Available placeholders:
{response_table_as_string}"""

ph_re = re.compile("{.*?}")

def expand_placeholders(placeholder_string):
    """Convert placeholder string to human-readable text."""
    placeholders = ph_re.findall(placeholder_string)
    return "".join(response_table.get(placeholder, f"full text for {placeholder} not found") for placeholder in placeholders)

def display_response(placeholder_string):
    """Display the response with placeholders in brackets."""
    expanded = expand_placeholders(placeholder_string)
    placeholders = ph_re.findall(placeholder_string)
    placeholder_text = " ".join(f"[{p}]" for p in placeholders)
    return f"{expanded} {placeholder_text}"

messages = [
    {'role': 'system', 'content': system_prompt},
]

print("=== BrightBank Support Chat (Interactive) ===")
print("Type 'quit' or 'exit' to end the conversation\n")

while True:
    user_input = input("You: ").strip()
    
    if user_input.lower() in ['quit', 'exit']:
        print("\nEnding conversation.
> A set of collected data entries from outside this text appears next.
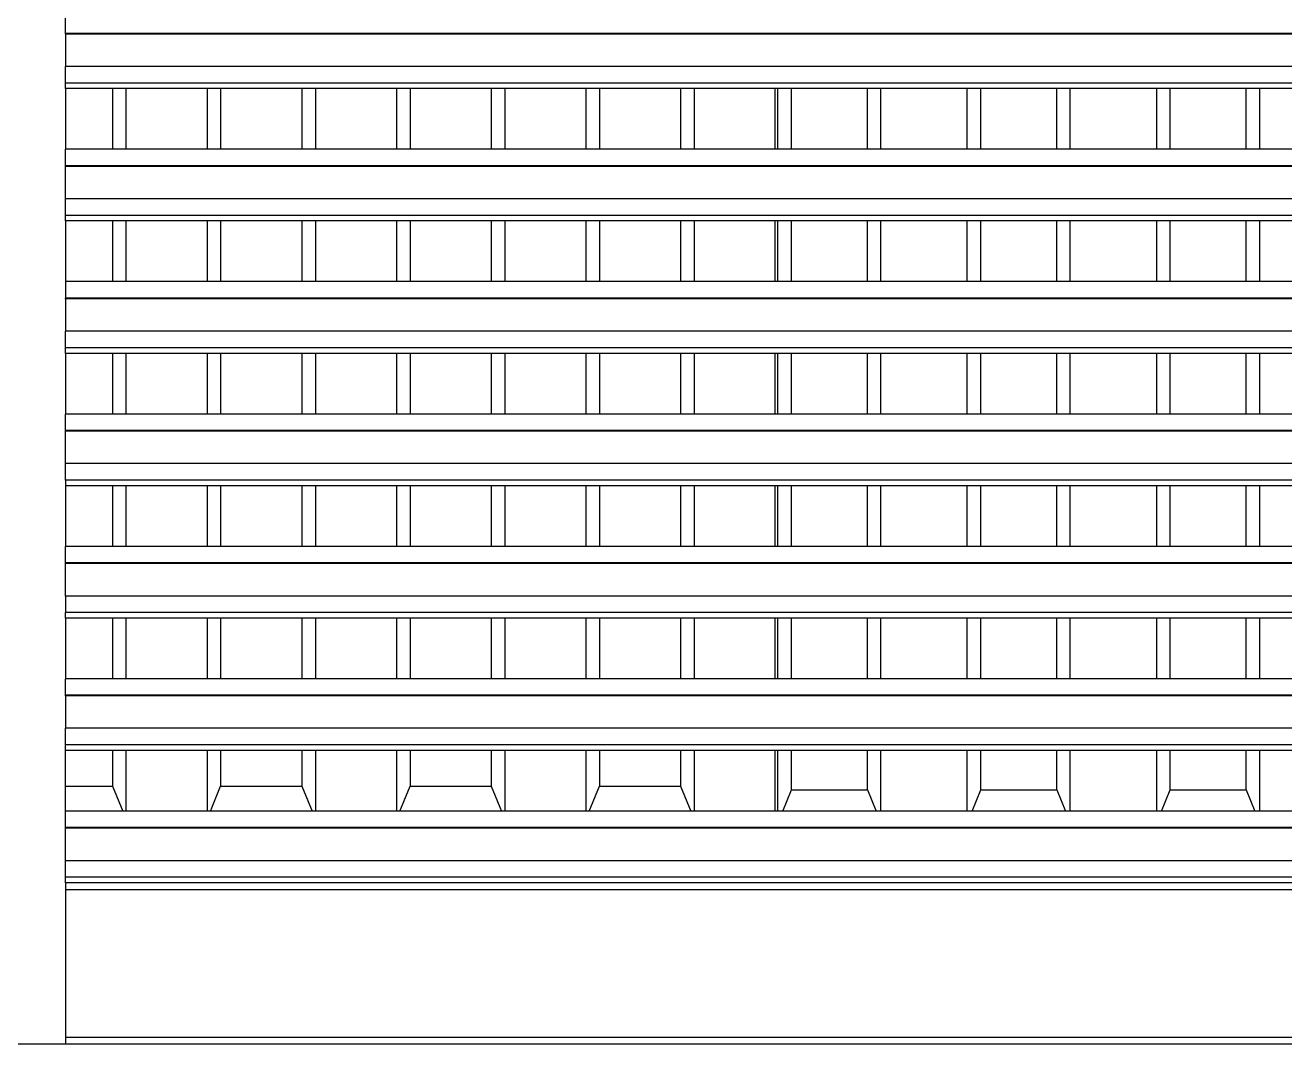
# Model space of a CAD drawing. Extents: x -92 to 92, y -11 to 21.
# Drawn here: x 54.031 to 55.91, y 7.078 to 8.596 of the extents above; entities that cross this region are included whole.
import ezdxf

# ---------------------------------------------------------------- set-up
doc = ezdxf.new("R2010")
doc.units = 0
doc.layers.get('0').update_dxf_attribs({"linetype": 'CONTINUOUS'})

msp = doc.modelspace()

# ---------------------------------------------------------------- linework, layer by layer
for p, q in [((54.0913, 8.5839), (54.0913, 8.6085)), ((57.6313, 8.5839), (54.0913, 8.5839)), ((54.0913, 8.583), (54.0913, 8.5839)), ((57.6313, 8.583), (54.0913, 8.583)), ((54.0913, 8.583), (54.0913, 8.5346)), ((57.6313, 8.5346), (54.0913, 8.5346)), ((54.0913, 8.5099), (54.0913, 8.5346)), ((57.6313, 8.5099), (54.0913, 8.5099)), ((54.0913, 8.5017), (54.0913, 8.5099)), ((54.1614, 8.5017), (54.0913, 8.5017)), ((54.0913, 8.5017), (54.0913, 8.4113)), ((54.1614, 8.5017), (54.1614, 8.4113)), ((54.1816, 8.5017), (54.1614, 8.5017)), ((54.1816, 8.5017), (54.1816, 8.4113)), ((54.3026, 8.5017), (54.1816, 8.5017)), ((54.3026, 8.5017), (54.3026, 8.4113)), ((54.3228, 8.5017), (54.3026, 8.5017)), ((54.3228, 8.5017), (54.3228, 8.4113)), ((54.4439, 8.5017), (54.3228, 8.5017)), ((54.4439, 8.5017), (54.4439, 8.4113)), ((54.464, 8.5017), (54.4439, 8.5017)), ((54.464, 8.5017), (54.464, 8.4113)), ((54.5851, 8.5017), (54.464, 8.5017)), ((54.5851, 8.5017), (54.5851, 8.4113)), ((54.6052, 8.5017), (54.5851, 8.5017)), ((54.6052, 8.5017), (54.6052, 8.4113)), ((54.7263, 8.5017), (54.6052, 8.5017)), ((54.7263, 8.5017), (54.7263, 8.4113)), ((54.7464, 8.5017), (54.7263, 8.5017)), ((54.7464, 8.5017), (54.7464, 8.4113)), ((54.8675, 8.5017), (54.7464, 8.5017)), ((54.8675, 8.5017), (54.8675, 8.4113)), ((54.8876, 8.5017), (54.8675, 8.5017)), ((54.8876, 8.5017), (54.8876, 8.4113)), ((55.0087, 8.5017), (54.8876, 8.5017)), ((55.0087, 8.5017), (55.0087, 8.4113)), ((55.0289, 8.5017), (55.0087, 8.5017)), ((55.0289, 8.5017), (55.0289, 8.4113)), ((55.1499, 8.5017), (55.0289, 8.5017)), ((55.1499, 8.4113), (55.1499, 8.5017)), ((55.1538, 8.5017), (55.1499, 8.5017)), ((55.1538, 8.4113), (55.1538, 8.5017)), ((55.174, 8.5017), (55.1538, 8.5017)), ((55.174, 8.4113), (55.174, 8.5017)), ((55.2872, 8.5017), (55.174, 8.5017)), ((55.2872, 8.4113), (55.2872, 8.5017)), ((55.3074, 8.5017), (55.2872, 8.5017)), ((55.3074, 8.4113), (55.3074, 8.5017)), ((55.4362, 8.5017), (55.3074, 8.5017)), ((55.4362, 8.4113), (55.4362, 8.5017)), ((55.4564, 8.5017), (55.4362, 8.5017)), ((55.4564, 8.4113), (55.4564, 8.5017)), ((55.5696, 8.5017), (55.4564, 8.5017)), ((55.5696, 8.4113), (55.5696, 8.5017)), ((55.5898, 8.5017), (55.5696, 8.5017)), ((55.5898, 8.4113), (55.5898, 8.5017)), ((55.7186, 8.5017), (55.5898, 8.5017)), ((55.7186, 8.4113), (55.7186, 8.5017)), ((55.7388, 8.5017), (55.7186, 8.5017)), ((55.7388, 8.4113), (55.7388, 8.5017)), ((55.852, 8.5017), (55.7388, 8.5017)), ((55.852, 8.4113), (55.852, 8.5017)), ((55.8722, 8.5017), (55.852, 8.5017)), ((55.8722, 8.4113), (55.8722, 8.5017)), ((56.001, 8.5017), (55.8722, 8.5017)), ((54.1614, 8.4113), (54.0913, 8.4113)), ((54.0913, 8.3866), (54.0913, 8.4113)), ((54.1816, 8.4113), (54.1614, 8.4113)), ((54.3026, 8.4113), (54.1816, 8.4113)), ((54.3228, 8.4113), (54.3026, 8.4113)), ((54.4439, 8.4113), (54.3228, 8.4113)), ((54.464, 8.4113), (54.4439, 8.4113)), ((54.5851, 8.4113), (54.464, 8.4113)), ((54.6052, 8.4113), (54.5851, 8.4113)), ((54.7263, 8.4113), (54.6052, 8.4113)), ((54.7464, 8.4113), (54.7263, 8.4113)), ((54.8675, 8.4113), (54.7464, 8.4113)), ((54.8876, 8.4113), (54.8675, 8.4113)), ((55.0087, 8.4113), (54.8876, 8.4113)), ((55.0289, 8.4113), (55.0087, 8.4113)), ((55.1499, 8.4113), (55.0289, 8.4113)), ((55.1538, 8.4113), (55.1499, 8.4113)), ((55.174, 8.4113), (55.1538, 8.4113)), ((55.2872, 8.4113), (55.174, 8.4113)), ((55.3074, 8.4113), (55.2872, 8.4113)), ((55.4362, 8.4113), (55.3074, 8.4113)), ((55.4564, 8.4113), (55.4362, 8.4113)), ((55.5696, 8.4113), (55.4564, 8.4113)), ((55.5898, 8.4113), (55.5696, 8.4113)), ((55.7186, 8.4113), (55.5898, 8.4113)), ((55.7388, 8.4113), (55.7186, 8.4113)), ((55.852, 8.4113), (55.7388, 8.4113)), ((55.8722, 8.4113), (55.852, 8.4113)), ((56.001, 8.4113), (55.8722, 8.4113)), ((57.6313, 8.3866), (54.0913, 8.3866)), ((54.0913, 8.3858), (54.0913, 8.3866)), ((57.6313, 8.3858), (54.0913, 8.3858)), ((54.0913, 8.3373), (54.0913, 8.3858)), ((57.6313, 8.3373), (54.0913, 8.3373)), ((54.0913, 8.3126), (54.0913, 8.3373)), ((57.6313, 8.3126), (54.0913, 8.3126)), ((54.0913, 8.3044), (54.0913, 8.3126)), ((54.1614, 8.3044), (54.0913, 8.3044)), ((54.0913, 8.3044), (54.0913, 8.214)), ((54.1614, 8.3044), (54.1614, 8.214)), ((54.1816, 8.3044), (54.1614, 8.3044)), ((54.1816, 8.3044), (54.1816, 8.214)), ((54.3026, 8.3044), (54.1816, 8.3044)), ((54.3026, 8.3044), (54.3026, 8.214)), ((54.3228, 8.3044), (54.3026, 8.3044)), ((54.3228, 8.3044), (54.3228, 8.214)), ((54.4439, 8.3044), (54.3228, 8.3044)), ((54.4439, 8.3044), (54.4439, 8.214)), ((54.464, 8.3044), (54.4439, 8.3044)), ((54.464, 8.3044), (54.464, 8.214)), ((54.5851, 8.3044), (54.464, 8.3044)), ((54.5851, 8.3044), (54.5851, 8.214)), ((54.6052, 8.3044), (54.5851, 8.3044)), ((54.6052, 8.3044), (54.6052, 8.214)), ((54.7263, 8.3044), (54.6052, 8.3044)), ((54.7263, 8.3044), (54.7263, 8.214)), ((54.7464, 8.3044), (54.7263, 8.3044)), ((54.7464, 8.3044), (54.7464, 8.214)), ((54.8675, 8.3044), (54.7464, 8.3044)), ((54.8675, 8.3044), (54.8675, 8.214)), ((54.8876, 8.3044), (54.8675, 8.3044)), ((54.8876, 8.3044), (54.8876, 8.214)), ((55.0087, 8.3044), (54.8876, 8.3044)), ((55.0087, 8.3044), (55.0087, 8.214)), ((55.0289, 8.3044), (55.0087, 8.3044)), ((55.0289, 8.3044), (55.0289, 8.214)), ((55.1499, 8.3044), (55.0289, 8.3044)), ((55.1499, 8.214), (55.1499, 8.3044)), ((55.1538, 8.3044), (55.1499, 8.3044)), ((55.1538, 8.214), (55.1538, 8.3044)), ((55.174, 8.3044), (55.1538, 8.3044)), ((55.174, 8.214), (55.174, 8.3044)), ((55.2872, 8.3044), (55.174, 8.3044)), ((55.2872, 8.214), (55.2872, 8.3044)), ((55.3074, 8.3044), (55.2872, 8.3044)), ((55.3074, 8.214), (55.3074, 8.3044)), ((55.4362, 8.3044), (55.3074, 8.3044)), ((55.4362, 8.214), (55.4362, 8.3044)), ((55.4564, 8.3044), (55.4362, 8.3044)), ((55.4564, 8.214), (55.4564, 8.3044)), ((55.5696, 8.3044), (55.4564, 8.3044)), ((55.5696, 8.214), (55.5696, 8.3044)), ((55.5898, 8.3044), (55.5696, 8.3044)), ((55.5898, 8.214), (55.5898, 8.3044)), ((55.7186, 8.3044), (55.5898, 8.3044)), ((55.7186, 8.214), (55.7186, 8.3044)), ((55.7388, 8.3044), (55.7186, 8.3044)), ((55.7388, 8.214), (55.7388, 8.3044)), ((55.852, 8.3044), (55.7388, 8.3044)), ((55.852, 8.214), (55.852, 8.3044)), ((55.8722, 8.3044), (55.852, 8.3044)), ((55.8722, 8.214), (55.8722, 8.3044)), ((56.001, 8.3044), (55.8722, 8.3044)), ((54.1614, 8.214), (54.0913, 8.214)), ((54.0913, 8.214), (54.0913, 8.1893)), ((54.1816, 8.214), (54.1614, 8.214)), ((54.3026, 8.214), (54.1816, 8.214)), ((54.3228, 8.214), (54.3026, 8.214)), ((54.4439, 8.214), (54.3228, 8.214)), ((54.464, 8.214), (54.4439, 8.214)), ((54.5851, 8.214), (54.464, 8.214)), ((54.6052, 8.214), (54.5851, 8.214)), ((54.7263, 8.214), (54.6052, 8.214)), ((54.7464, 8.214), (54.7263, 8.214)), ((54.8675, 8.214), (54.7464, 8.214)), ((54.8876, 8.214), (54.8675, 8.214)), ((55.0087, 8.214), (54.8876, 8.214)), ((55.0289, 8.214), (55.0087, 8.214)), ((55.1499, 8.214), (55.0289, 8.214)), ((55.1538, 8.214), (55.1499, 8.214)), ((55.174, 8.214), (55.1538, 8.214)), ((55.2872, 8.214), (55.174, 8.214)), ((55.3074, 8.214), (55.2872, 8.214)), ((55.4362, 8.214), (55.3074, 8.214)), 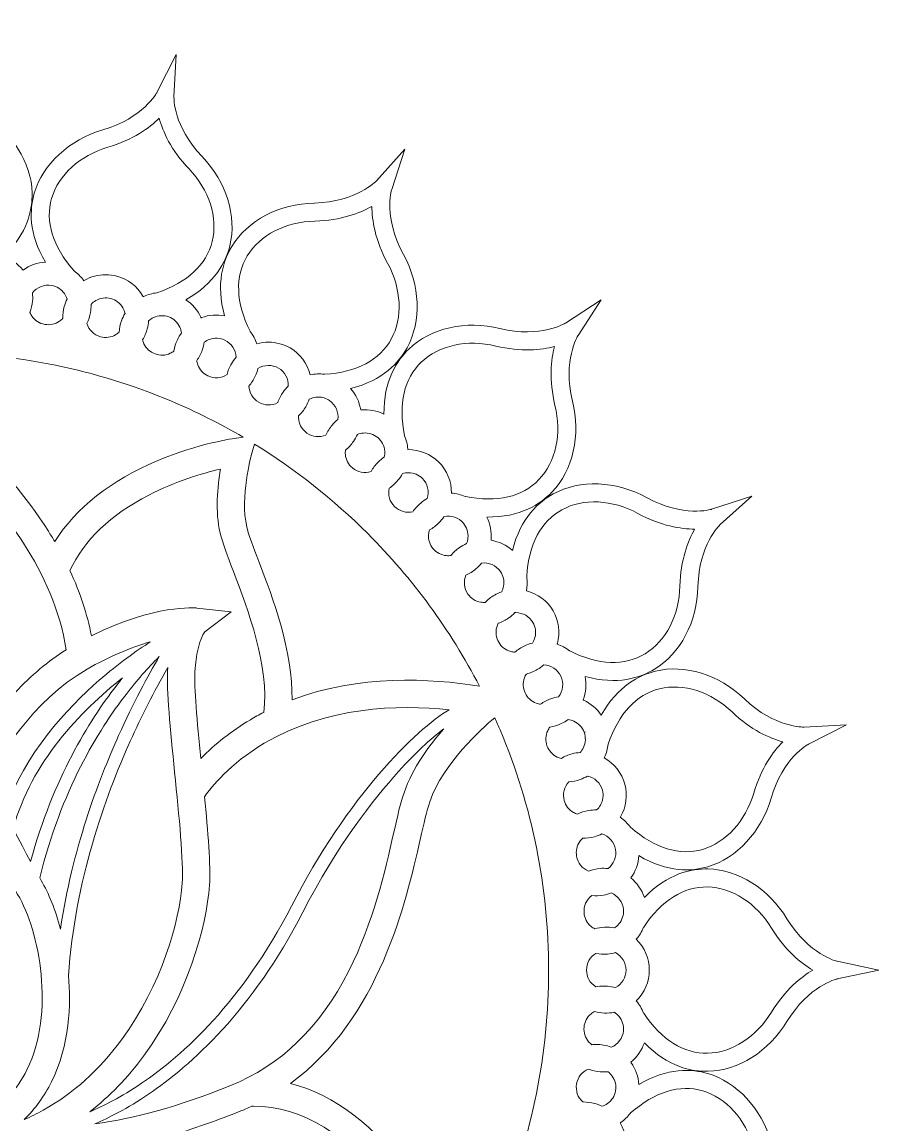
# Model space of a CAD drawing. Header units: millimetres. Extents: x 146 to 1170, y -927 to -143.
# Drawn here: x 635 to 794.7, y -348.6 to -143.1 of the extents above; entities that cross this region are included whole.
import ezdxf

# ---------------------------------------------------------------- set-up
doc = ezdxf.new("R2010")
doc.units = ezdxf.units.MM
doc.header["$MEASUREMENT"] = 0
doc.layers.add('Layer 3', color=7, linetype='Continuous')

msp = doc.modelspace()

# ---------------------------------------------------------------- linework, layer by layer
at = {"layer": 'Layer 3', "lineweight": 0}
for points, knots in [([(774.58, -351.81), (772.73, -345.51), (768.21, -340.61), (762.77, -339.03), (759.86, -338.18), (755.31, -337.87), (749.95, -341.09), (749.86, -339.63), (749.37, -338.23), (748.52, -337.03), (748.5, -337), (748.47, -336.96), (748.45, -336.93), (749.61, -335.99), (750.49, -334.72), (750.97, -333.31), (755.31, -337.81), (759.8, -338.7), (762.82, -338.62), (768.48, -338.5), (774.12, -334.94), (777.54, -329.33), (781.6, -322.66), (786.69, -321.46), (786.9, -321.41), (786.9, -321.41), (794.68, -319.76), (794.68, -319.76), (794.68, -319.76), (786.9, -318.12), (786.9, -318.12), (786.85, -318.11), (781.62, -316.9), (777.54, -310.2), (774.12, -304.59), (768.48, -301.03), (762.82, -300.91), (759.79, -300.84), (755.31, -301.72), (750.97, -306.22), (750.49, -304.8), (749.61, -303.54), (748.45, -302.59), (749.32, -301.38), (749.85, -299.93), (749.95, -298.44), (755.3, -301.66), (759.86, -301.35), (762.77, -300.51), (768.21, -298.92), (772.73, -294.02), (774.58, -287.72), (776.78, -280.22), (781.38, -277.75), (781.57, -277.65), (781.57, -277.65), (788.66, -274.04), (788.66, -274.04), (788.66, -274.04), (780.72, -274.47), (780.72, -274.47), (780.67, -274.47), (775.31, -274.66), (769.63, -269.24), (764.88, -264.7), (758.51, -262.72), (753.01, -264.07), (750.07, -264.79), (745.96, -266.8), (742.94, -272.27), (742.13, -271.05), (741, -270.09), (739.67, -269.47), (739.63, -269.45), (739.6, -269.43), (739.56, -269.42), (740.09, -268.02), (740.22, -266.49), (739.93, -265.03), (745.94, -266.75), (750.27, -265.27), (752.85, -263.7), (757.69, -260.76), (760.8, -254.86), (760.95, -248.29), (761.14, -240.48), (764.94, -236.9), (765.1, -236.75), (765.1, -236.75), (771.01, -231.44), (771.01, -231.44), (771.01, -231.44), (763.45, -233.9), (763.45, -233.9), (763.4, -233.92), (758.27, -235.49), (751.39, -231.72), (745.62, -228.57), (738.96, -228.31), (733.99, -231.03), (731.34, -232.49), (727.9, -235.49), (726.39, -241.56), (725.25, -240.56), (723.89, -239.92), (722.39, -239.68), (722.4, -239.64), (722.4, -239.61), (722.41, -239.57), (722.53, -238.1), (722.26, -236.65), (721.61, -235.34), (727.86, -235.45), (731.65, -232.9), (733.75, -230.71), (737.66, -226.62), (739.13, -220.12), (737.58, -213.73), (735.74, -206.14), (738.49, -201.7), (738.6, -201.52), (738.6, -201.52), (742.94, -194.85), (742.94, -194.85), (742.94, -194.85), (736.27, -199.19), (736.27, -199.19), (736.23, -199.22), (731.68, -202.06), (724.05, -200.21), (717.67, -198.66), (711.17, -200.12), (707.08, -204.04), (704.89, -206.13), (702.34, -209.93), (702.45, -216.17), (701.14, -215.53), (699.69, -215.26), (698.22, -215.38), (698.18, -215.39), (698.14, -215.39), (698.11, -215.39), (697.87, -213.92), (697.21, -212.53), (696.23, -211.4), (702.3, -209.89), (705.3, -206.45), (706.76, -203.79), (709.48, -198.83), (709.22, -192.17), (706.07, -186.4), (702.32, -179.55), (703.82, -174.54), (703.89, -174.34), (703.89, -174.34), (706.35, -166.78), (706.35, -166.78), (706.35, -166.78), (701.04, -172.69), (701.04, -172.69), (701, -172.73), (697.34, -176.65), (689.5, -176.84), (682.93, -176.99), (677.03, -180.09), (674.09, -184.93), (672.52, -187.52), (671.04, -191.85), (672.76, -197.85), (671.33, -197.57), (669.86, -197.68), (668.47, -198.18), (668.44, -198.2), (668.4, -198.21), (668.37, -198.22), (668.35, -198.19), (668.34, -198.15), (668.32, -198.12), (667.7, -196.78), (666.74, -195.66), (665.52, -194.85), (670.99, -191.82), (673, -187.72), (673.72, -184.78), (675.06, -179.28), (673.08, -172.91), (668.55, -168.16), (663.15, -162.51), (663.31, -157.29), (663.32, -157.07), (663.32, -157.07), (663.74, -149.13), (663.74, -149.13), (663.74, -149.13), (660.14, -156.22), (660.14, -156.22), (660.12, -156.26), (657.59, -161), (650.07, -163.21), (643.77, -165.06), (638.87, -169.58), (637.28, -175.02), (636.44, -177.92), (636.13, -182.48), (639.35, -187.84), (637.84, -187.94), (636.42, -188.45), (635.2, -189.34), (635.17, -189.31), (635.15, -189.28), (635.12, -189.25), (634.18, -188.12), (632.96, -187.28), (631.57, -186.82), (636.07, -182.48), (636.95, -177.99), (636.88, -174.97), (636.76, -169.31), (633.2, -163.67), (627.59, -160.25), (620.91, -156.18), (619.72, -151.1), (619.67, -150.89), (619.67, -150.89), (618.02, -143.11), (618.02, -143.11), (618.02, -143.11), (616.38, -150.89), (616.38, -150.89), (616.37, -150.94), (615.16, -156.17), (608.46, -160.25), (602.85, -163.67), (599.29, -169.3), (599.16, -174.96), (599.1, -177.99), (599.98, -182.48), (604.48, -186.82), (603.07, -187.3), (601.8, -188.18), (600.86, -189.34), (600.82, -189.31), (600.79, -189.29), (600.76, -189.27), (599.55, -188.42), (598.16, -187.93), (596.7, -187.84), (599.92, -182.48), (599.61, -177.92), (598.76, -175.02), (597.18, -169.58), (592.28, -165.06), (585.98, -163.21), (578.48, -161.01), (576.01, -156.41), (575.91, -156.22), (575.91, -156.22), (572.3, -149.13), (572.3, -149.13), (572.3, -149.13), (572.73, -157.07), (572.73, -157.07), (572.73, -157.12), (572.91, -162.49), (567.5, -168.16), (562.96, -172.91), (560.98, -179.28), (562.33, -184.78), (563.05, -187.72), (565.06, -191.82), (570.53, -194.85), (569.31, -195.66), (568.35, -196.78), (567.73, -198.12), (567.71, -198.15), (567.69, -198.19), (567.68, -198.22), (567.64, -198.21), (567.61, -198.2), (567.57, -198.18), (566.19, -197.68), (564.72, -197.57), (563.29, -197.85), (565.01, -191.85), (563.53, -187.52), (561.96, -184.93), (559.02, -180.09), (553.12, -176.99), (546.55, -176.84), (538.74, -176.65), (535.16, -172.85), (535.01, -172.69), (535.01, -172.69), (529.7, -166.78), (529.7, -166.78), (529.7, -166.78), (532.16, -174.34), (532.16, -174.34), (532.18, -174.39), (533.74, -179.52), (529.98, -186.4), (526.83, -192.17), (526.57, -198.83), (529.29, -203.79), (530.75, -206.45), (533.75, -209.89), (539.81, -211.4), (538.85, -212.5), (538.21, -213.83), (537.96, -215.28), (537.95, -215.32), (537.94, -215.36), (537.94, -215.4), (536.45, -215.25), (534.94, -215.52), (533.6, -216.18), (533.71, -209.93), (531.16, -206.13), (528.97, -204.04), (524.88, -200.12), (518.38, -198.66), (511.99, -200.21), (504.39, -202.05), (499.96, -199.3), (499.77, -199.19), (499.77, -199.19), (493.11, -194.85), (493.11, -194.85), (493.11, -194.85), (497.45, -201.51), (497.45, -201.51), (497.47, -201.56), (500.32, -206.12), (498.47, -213.73), (496.91, -220.12), (498.38, -226.62), (502.3, -230.71), (504.39, -232.9), (508.18, -235.44), (514.43, -235.34), (513.79, -236.65), (513.51, -238.1), (513.64, -239.57), (513.65, -239.6), (513.65, -239.64), (513.65, -239.68), (513.62, -239.68), (513.58, -239.69), (513.54, -239.7), (512.09, -239.95), (510.76, -240.59), (509.66, -241.56), (508.15, -235.49), (504.71, -232.49), (502.05, -231.03), (497.09, -228.31), (490.43, -228.57), (484.66, -231.72), (477.81, -235.47), (472.8, -233.97), (472.6, -233.9), (472.6, -233.9), (465.04, -231.44), (465.04, -231.44), (465.04, -231.44), (470.95, -236.75), (470.95, -236.75), (470.99, -236.79), (474.91, -240.45), (475.1, -248.29), (475.25, -254.86), (478.35, -260.76), (483.19, -263.7), (485.78, -265.27), (490.11, -266.75), (496.11, -265.02), (495.83, -266.49), (495.96, -268.02), (496.48, -269.42), (496.45, -269.43), (496.41, -269.45), (496.38, -269.47), (495.04, -270.09), (493.92, -271.05), (493.11, -272.27), (490.08, -266.8), (485.98, -264.79), (483.04, -264.07), (477.54, -262.72), (471.17, -264.7), (466.42, -269.24), (460.77, -274.63), (455.54, -274.48), (455.33, -274.47), (455.33, -274.47), (447.39, -274.04), (447.39, -274.04), (447.39, -274.04), (454.48, -277.65), (454.48, -277.65), (454.52, -277.67), (459.26, -280.19), (461.47, -287.72), (463.32, -294.02), (467.84, -298.92), (473.28, -300.5), (476.18, -301.35), (480.74, -301.66), (486.1, -298.44), (486.2, -299.93), (486.72, -301.38), (487.6, -302.59), (486.44, -303.54), (485.56, -304.8), (485.08, -306.22), (480.74, -301.72), (476.25, -300.84), (473.22, -300.9), (467.56, -301.03), (461.93, -304.59), (458.51, -310.2), (454.45, -316.87), (449.36, -318.07), (449.15, -318.12), (449.15, -318.12), (441.37, -319.77), (441.37, -319.77), (441.37, -319.77), (449.15, -321.41), (449.15, -321.41), (449.2, -321.42), (454.43, -322.63), (458.51, -329.33), (461.93, -334.94), (467.56, -338.5), (473.22, -338.62), (476.26, -338.69), (480.74, -337.81), (485.08, -333.31), (485.56, -334.72), (486.44, -335.99), (487.6, -336.93), (486.71, -338.16), (486.2, -339.58), (486.1, -341.09), (480.74, -337.87), (476.18, -338.18), (473.28, -339.02), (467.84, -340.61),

Goodbye!")
        break
    
    if not user_input:
        continue
    
    messages.append({'role': 'user', 'content': user_input})
    
    response = ollama.chat(
        model='gurubot/cage:1.7b-Q4_K_M',
        messages=messages,
        options={'temperature': 0.3}
    )
    
    placeholder_string = response['message']['content']
    
    display_text = display_response(placeholder_string)
    print(f"Assistant: {display_text}\n")
    
    messages.append({'role': 'assistant', 'content': placeholder_string})

example interactive output with the chosen placeholder shown in brackets:

You: hi
Assistant: Welcome to BrightBank Support! How can I help today? [{greeting}]

You: my passw not working
Assistant: You can reset your password from the sign-in screen by tapping 'Forgot password.' [{answerResetPassword}]

You: how can i get more info
Assistant: Which transaction are you referring to (merchant name, amount, and date)? [{questionTransactionDetails}]

You: u smell
Assistant: Sorry, I can't help with that. Please contact support at 555-686-8686. [{statementICantHelpWithThat}]

You: byee
Assistant: Thanks for banking with BrightBank! [{goodbye}]

Advanced

Dialog trees:

You can, in your code, alter the response table that is placed in the system prompt based upon the last response from the LLM. For example if the last question the LLM asked was “do you want to pay by cash, cheque or card?” then it could populate the response table with only responses that are relevant to that area. Using this you can create a dialog tree which can organise a larger set of answers in linked nodes rather than having them all in one long context. Keeping the number of placeholders in context at any one time at a reasonable number will give the LLM the best chance of picking the correct response.

Acronyms:

You don’t have to write out camel-case placeholder terms like {questionTransactionDetails}, you could for example use {QTD} and in testing this performed acceptably well, however the semantic meaning in writing full words is an extra hint to the LLM worth keeping. In well written code you should still only need to write out the full term once in the response table definition in any case.

Tool Calling:

While they cannot be parametrised in this version of the model you can use the placeholder output as a simple way of tool calling, for example detecting {goodbye} can be used as a trigger to deactivate the chat window or {urlBrightBankLogin} could automatically open the login page.